Bandcamp is set to start offering up subscriptions, but they're not how you'd usually think a music subscription service would be. Speaking to the Guardian before announcing the new service at the SF MusicTech Summit today, Bandcamp's chief executive Ethan Diamond said, "we’re giving every artist the ability to create a subscription service of their own on the site."

This new subscription service will allow artists to name their own price for fans to subscribe to their music. All the artists' new music will then be immdiately available to subscribers via the Bandcamp app. Diamond said, 'it’s kinda like what U2 and Apple did, except that it’s music that you actually want!”

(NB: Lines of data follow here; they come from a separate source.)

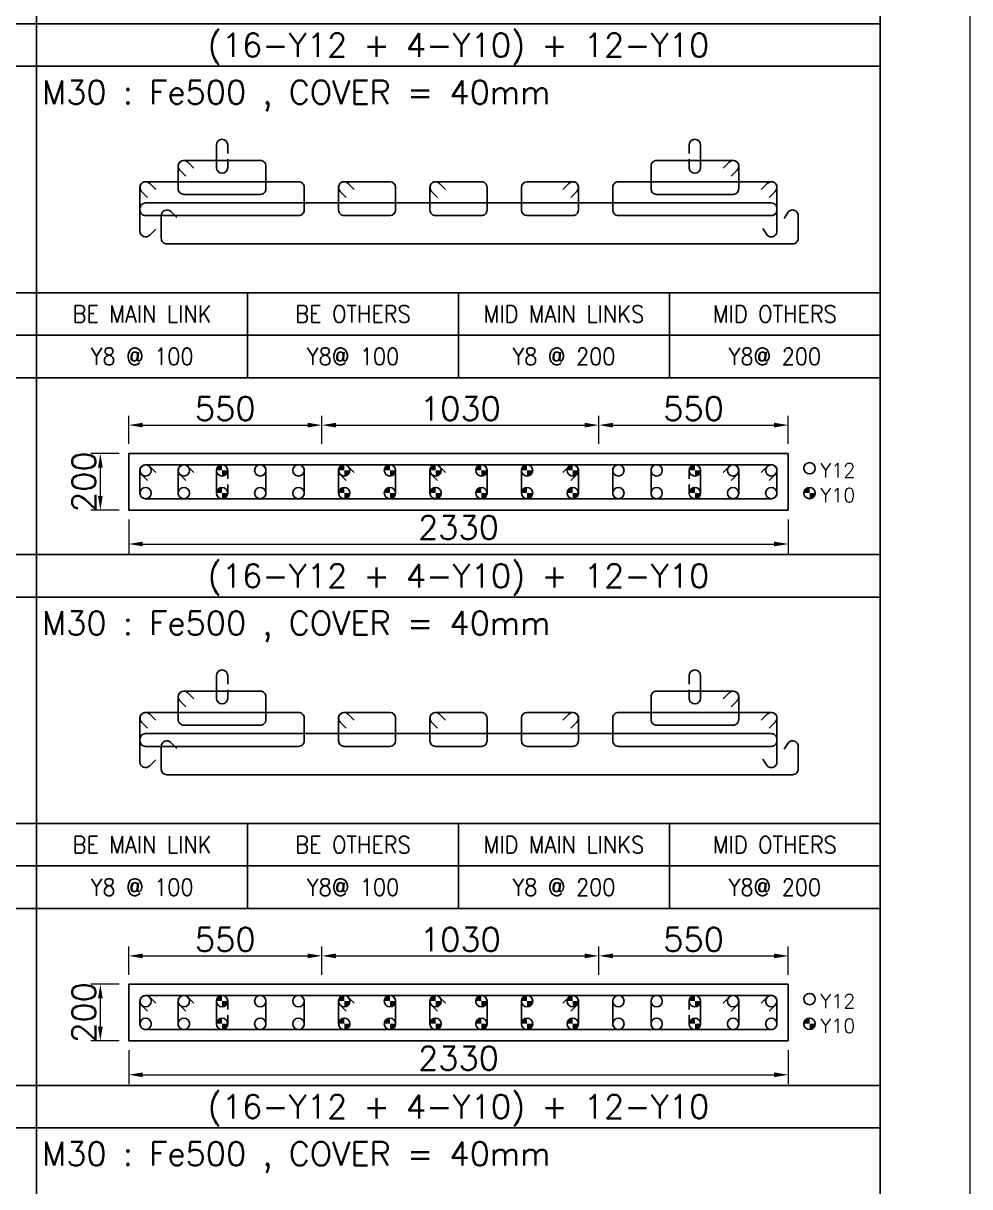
# Model space of a CAD drawing. Header units: millimetres. Extents: x -28339001 to -28288919, y 786803 to 887141.
# Drawn here: x -28324686 to -28314656, y 823851 to 836182 of the extents above; entities that cross this region are included whole.
import ezdxf
from ezdxf.enums import TextEntityAlignment as Align

# ---------------------------------------------------------------- set-up
doc = ezdxf.new("R2010")
doc.units = ezdxf.units.MM
doc.header["$LTSCALE"] = 1000
doc.header["$MEASUREMENT"] = 0
doc.header["$PDMODE"] = 34
doc.header["$PDSIZE"] = -8
doc.layers.get('0').update_dxf_attribs({"lineweight": 5})
for name, color, linetype in [('04 NORMAL TEXT.', 4, 'Continuous'), ('09 COL TEXT-SCH', 2, 'Continuous'), ('14 REINF', 6, 'Continuous'), ('22 TABLE FRAME', 5, 'Continuous'), ('23 STIRRUPS', 5, 'Continuous'), ('TEXT', 4, 'Continuous')]:
    doc.layers.add(name, color=color, linetype=linetype)
doc.layers.add('19 COLUMN', color=1, linetype='Continuous', lineweight=25)
doc.styles.add('ROMANS', font='simplex.shx')
doc.dimstyles.new('D 50', dxfattribs={"dimscale": 100, "dimtxt": 3, "dimasz": 1.5, "dimexe": 1, "dimexo": 1, "dimgap": 0.5, "dimtad": 1, "dimdec": 0, "dimdsep": 46, "dimtxsty": 'ROMANS', "dimcen": 2.5, "dimclrd": 5, "dimclre": 5, "dimclrt": 4, "dimadec": 0, "dimazin": 0, "dimtfac": 1, "dimtdec": 0, "dimtmove": 0, "dimatfit": 3, "dimfxl": 1, "dimlwd": 0, "dimlwe": 0, "dimarcsym": 0})

# ---------------------------------------------------------------- blocks, each defined once
blk = doc.blocks.new('*D47')
at = {"color": 5, "lineweight": 0, "transparency": 16777216}
for p, q in [((-28323568.5659, 825298.0245), (-28323568.5659, 824938.0245)), ((-28316578.5659, 825298.0245), (-28316578.5659, 824938.0245)), ((-28323418.5659, 825038.0245), (-28316728.5659, 825038.0245))]:
    blk.add_line(p, q, dxfattribs=at)
at = {"color": 5, "transparency": 16777216}
for points in [[(-28323418.5659, 825063.0245), (-28323418.5659, 825013.0245), (-28323568.5659, 825038.0245)], [(-28316728.5659, 825013.0245), (-28316728.5659, 825063.0245), (-28316578.5659, 825038.0245)]]:
    blk.add_solid(points, dxfattribs=at)
at = {"layer": 'Defpoints', "color": 0, "transparency": 16777216}
for p in [(-28323568.5659, 825398.0245), (-28316578.5659, 825398.0245), (-28316578.5659, 825038.0245)]:
    blk.add_point(p, dxfattribs=at)
at = {"color": 4, "transparency": 16777216, "insert": (-28320073.5659, 825213.0245), "char_height": 250, "attachment_point": 5, "style": 'ROMANS'}
blk.add_mtext('2330', dxfattribs=at)
blk = doc.blocks.new('*D48')
at = {"color": 5, "lineweight": 0, "transparency": 16777216}
for p, q in [((-28323568.5659, 830923.0245), (-28323568.5659, 830563.0245)), ((-28316578.5659, 830923.0245), (-28316578.5659, 830563.0245)), ((-28323418.5659, 830663.0245), (-28316728.5659, 830663.0245))]:
    blk.add_line(p, q, dxfattribs=at)
at = {"color": 5, "transparency": 16777216}
for points in [[(-28323418.5659, 830688.0245), (-28323418.5659, 830638.0245), (-28323568.5659, 830663.0245)], [(-28316728.5659, 830638.0245), (-28316728.5659, 830688.0245), (-28316578.5659, 830663.0245)]]:
    blk.add_solid(points, dxfattribs=at)
at = {"layer": 'Defpoints', "color": 0, "transparency": 16777216}
for p in [(-28323568.5659, 831023.0245), (-28316578.5659, 831023.0245), (-28316578.5659, 830663.0245)]:
    blk.add_point(p, dxfattribs=at)
at = {"color": 4, "transparency": 16777216, "insert": (-28320073.5659, 830838.0245), "char_height": 250, "attachment_point": 5, "style": 'ROMANS'}
blk.add_mtext('2330', dxfattribs=at)
blk = doc.blocks.new('*D119')
at = {"color": 5, "lineweight": 0, "transparency": 16777216}
for p, q in [((-28323668.5659, 825998.0245), (-28323968.5659, 825998.0245)), ((-28323868.5659, 825548.0245), (-28323868.5659, 825848.0245)), ((-28323668.5659, 825398.0245), (-28323968.5659, 825398.0245))]:
    blk.add_line(p, q, dxfattribs=at)
at = {"color": 5, "transparency": 16777216}
for points in [[(-28323843.5659, 825848.0245), (-28323893.5659, 825848.0245), (-28323868.5659, 825998.0245)], [(-28323893.5659, 825548.0245), (-28323843.5659, 825548.0245), (-28323868.5659, 825398.0245)]]:
    blk.add_solid(points, dxfattribs=at)
at = {"layer": 'Defpoints', "color": 0, "transparency": 16777216}
for p in [(-28323868.5659, 825998.0245), (-28323568.5659, 825998.0245), (-28323568.5659, 825398.0245)]:
    blk.add_point(p, dxfattribs=at)
at = {"color": 4, "transparency": 16777216, "insert": (-28324043.5659, 825698.0245), "char_height": 250, "attachment_point": 5, "rotation": 90, "style": 'ROMANS'}
blk.add_mtext('200', dxfattribs=at)
blk = doc.blocks.new('*D120')
at = {"color": 5, "lineweight": 0, "transparency": 16777216}
for p, q in [((-28323568.5659, 826098.0245), (-28323568.5659, 826398.0245)), ((-28321521.4607, 826098.0245), (-28321521.4607, 826398.0245)), ((-28323418.5659, 826298.0245), (-28321671.4607, 826298.0245))]:
    blk.add_line(p, q, dxfattribs=at)
at = {"color": 5, "transparency": 16777216}
for points in [[(-28323418.5659, 826323.0245), (-28323418.5659, 826273.0245), (-28323568.5659, 826298.0245)], [(-28321671.4607, 826273.0245), (-28321671.4607, 826323.0245), (-28321521.4607, 826298.0245)]]:
    blk.add_solid(points, dxfattribs=at)
at = {"layer": 'Defpoints', "color": 0, "transparency": 16777216}
for p in [(-28321521.4607, 826298.0245), (-28323568.5659, 825998.0245), (-28321521.4607, 825998.0245)]:
    blk.add_point(p, dxfattribs=at)
at = {"color": 4, "transparency": 16777216, "insert": (-28322545.0133, 826473.0245), "char_height": 250, "attachment_point": 5, "style": 'ROMANS'}
blk.add_mtext('550', dxfattribs=at)
blk = doc.blocks.new('*D121')
at = {"color": 5, "lineweight": 0, "transparency": 16777216}
for p, q in [((-28321521.4607, 826098.0245), (-28321521.4607, 826398.0245)), ((-28318585.9465, 826098.0245), (-28318585.9465, 826398.0245)), ((-28321371.4607, 826298.0245), (-28318735.9465, 826298.0245))]:
    blk.add_line(p, q, dxfattribs=at)
at = {"color": 5, "transparency": 16777216}
for points in [[(-28321371.4607, 826323.0245), (-28321371.4607, 826273.0245), (-28321521.4607, 826298.0245)], [(-28318735.9465, 826273.0245), (-28318735.9465, 826323.0245), (-28318585.9465, 826298.0245)]]:
    blk.add_solid(points, dxfattribs=at)
at = {"layer": 'Defpoints', "color": 0, "transparency": 16777216}
for p in [(-28318585.9465, 826298.0245), (-28321521.4607, 825998.0245), (-28318585.9465, 825998.0245)]:
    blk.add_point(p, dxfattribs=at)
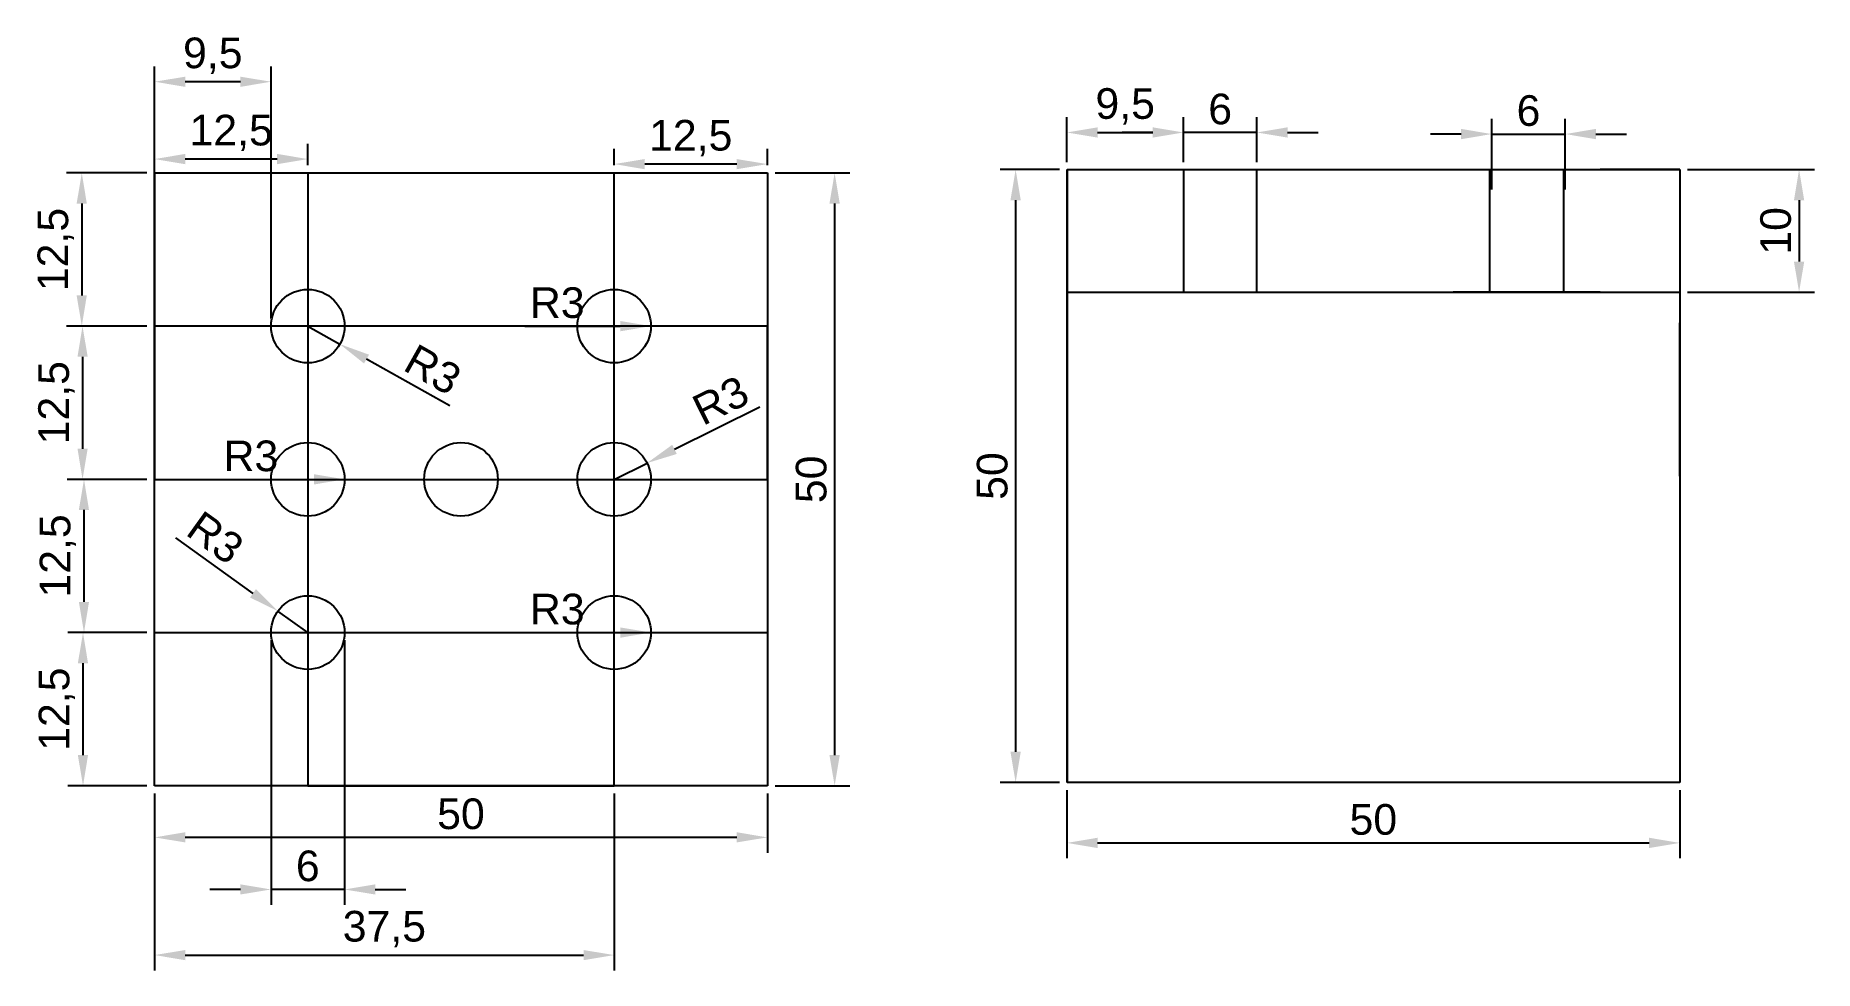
# Model space of a CAD drawing. Header units: millimetres. Extents: x 1004 to 1149, y 1687 to 1763.
import ezdxf

# ---------------------------------------------------------------- set-up
doc = ezdxf.new("R2010")
doc.units = ezdxf.units.MM
doc.styles.get("Standard").update_dxf_attribs({"font": 'arial.ttf'})
doc.dimstyles.new('ISO-25', dxfattribs={"dimtxt": 2.5, "dimasz": 2.5, "dimexe": 1.25, "dimexo": 0.625, "dimtad": 1, "dimtxsty": 'Standard', "dimcen": 2.5, "dimadec": 0, "dimazin": 0, "dimtfac": 1, "dimtmove": 0, "dimatfit": 3, "dimfxl": 1, "dimarcsym": 0})

# ---------------------------------------------------------------- blocks, each defined once
blk = doc.blocks.new('*D1')
at = {"color": 0, "lineweight": -2, "transparency": 16777216}
for p, q in [((1013.65, 1740.3), (1013.65, 1760.87)), ((1023.15, 1740.3), (1023.15, 1760.87)), ((1020.65, 1759.62), (1016.15, 1759.62))]:
    blk.add_line(p, q, dxfattribs=at)
at = {"color": 0, "transparency": 16777216}
for points in [[(1016.15, 1760.03), (1016.15, 1759.2), (1013.65, 1759.62)], [(1020.65, 1760.03), (1020.65, 1759.2), (1023.15, 1759.62)]]:
    blk.add_solid(points, dxfattribs=at)
at = {"layer": 'Defpoints', "color": 0, "transparency": 16777216}
for p in [(1013.65, 1759.62), (1013.65, 1739.68), (1023.15, 1739.68)]:
    blk.add_point(p, dxfattribs=at)
at = {"color": 0, "transparency": 16777216, "insert": (1018.4, 1761.74), "char_height": 2.5, "attachment_point": 5}
blk.add_mtext('9,5', dxfattribs=at)
blk = doc.blocks.new('*D4')
at = {"color": 0, "lineweight": -2, "transparency": 16777216}
for p, q in [((1023.15, 1714.05), (1023.15, 1692.47)), ((1029.15, 1714.05), (1029.15, 1692.47)), ((1020.65, 1693.72), (1018.15, 1693.72)), ((1029.15, 1693.72), (1023.15, 1693.72)), ((1031.65, 1693.72), (1034.15, 1693.72))]:
    blk.add_line(p, q, dxfattribs=at)
at = {"color": 0, "transparency": 16777216}
for points in [[(1020.65, 1694.14), (1020.65, 1693.31), (1023.15, 1693.72)], [(1031.65, 1694.14), (1031.65, 1693.31), (1029.15, 1693.72)]]:
    blk.add_solid(points, dxfattribs=at)
at = {"layer": 'Defpoints', "color": 0, "transparency": 16777216}
for p in [(1023.15, 1714.68), (1029.15, 1714.68), (1023.15, 1693.72)]:
    blk.add_point(p, dxfattribs=at)
at = {"color": 0, "transparency": 16777216, "insert": (1026.15, 1695.63), "char_height": 2.5, "attachment_point": 5}
blk.add_mtext('6', dxfattribs=at)
blk = doc.blocks.new('*D5')
at = {"color": 0, "lineweight": -2, "transparency": 16777216}
for p, q in [((1138.73, 1752.45), (1149.09, 1752.45)), ((1147.84, 1749.95), (1147.84, 1744.95)), ((1138.73, 1742.45), (1149.09, 1742.45))]:
    blk.add_line(p, q, dxfattribs=at)
at = {"color": 0, "transparency": 16777216}
for points in [[(1147.42, 1749.95), (1148.26, 1749.95), (1147.84, 1752.45)], [(1147.42, 1744.95), (1148.26, 1744.95), (1147.84, 1742.45)]]:
    blk.add_solid(points, dxfattribs=at)
at = {"layer": 'Defpoints', "color": 0, "transparency": 16777216}
for p in [(1138.1, 1752.45), (1138.1, 1742.45), (1147.84, 1742.45)]:
    blk.add_point(p, dxfattribs=at)
at = {"color": 0, "transparency": 16777216, "insert": (1145.94, 1747.45), "char_height": 2.5, "attachment_point": 5, "rotation": 90}
blk.add_mtext('10', dxfattribs=at)
blk = doc.blocks.new('*D8')
at = {"color": 0, "lineweight": -2, "transparency": 16777216}
for p, q in [((1088.1, 1753.07), (1088.1, 1756.73)), ((1097.6, 1753.07), (1097.6, 1756.73)), ((1090.6, 1755.48), (1095.1, 1755.48))]:
    blk.add_line(p, q, dxfattribs=at)
at = {"color": 0, "transparency": 16777216}
for points in [[(1090.6, 1755.9), (1090.6, 1755.06), (1088.1, 1755.48)], [(1095.1, 1755.9), (1095.1, 1755.06), (1097.6, 1755.48)]]:
    blk.add_solid(points, dxfattribs=at)
at = {"layer": 'Defpoints', "color": 0, "transparency": 16777216}
for p in [(1097.6, 1755.48), (1088.1, 1752.45), (1097.6, 1752.45)]:
    blk.add_point(p, dxfattribs=at)
at = {"color": 0, "transparency": 16777216, "insert": (1092.85, 1757.61), "char_height": 2.5, "attachment_point": 5}
blk.add_mtext('9,5', dxfattribs=at)
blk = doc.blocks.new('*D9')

Musicians will be able to pick and choose what music their subscribers will get access to - even making their back catalogues available if they wish. They can also offer discounts to subscribers on merchandise they're selling in their stores.

Bandcamp's revenue share will be 15%, and that will drop to 10% once an artist hits $5,000 in their sales.

Currently a British band called Candy Says are offering up a £20 per year subscription over on their Bandcamp page. With that subscription you get all the new music the band makes directly to the Bandcamp app, subscriber-exclusive messages and photos, back catalogue releases and 'the satisfaction of knowing you're supporting [Candy Says] in a sustainable way.'

Bandcamp launched back in 2008 and gave a way for musicians to reach their fans directly, by running their own online stores to sell their music. £87 million has been paid out to artists since launch.

This news comes at an interesting time, as Spotify are currently defending the way they compensate artists with music on their service.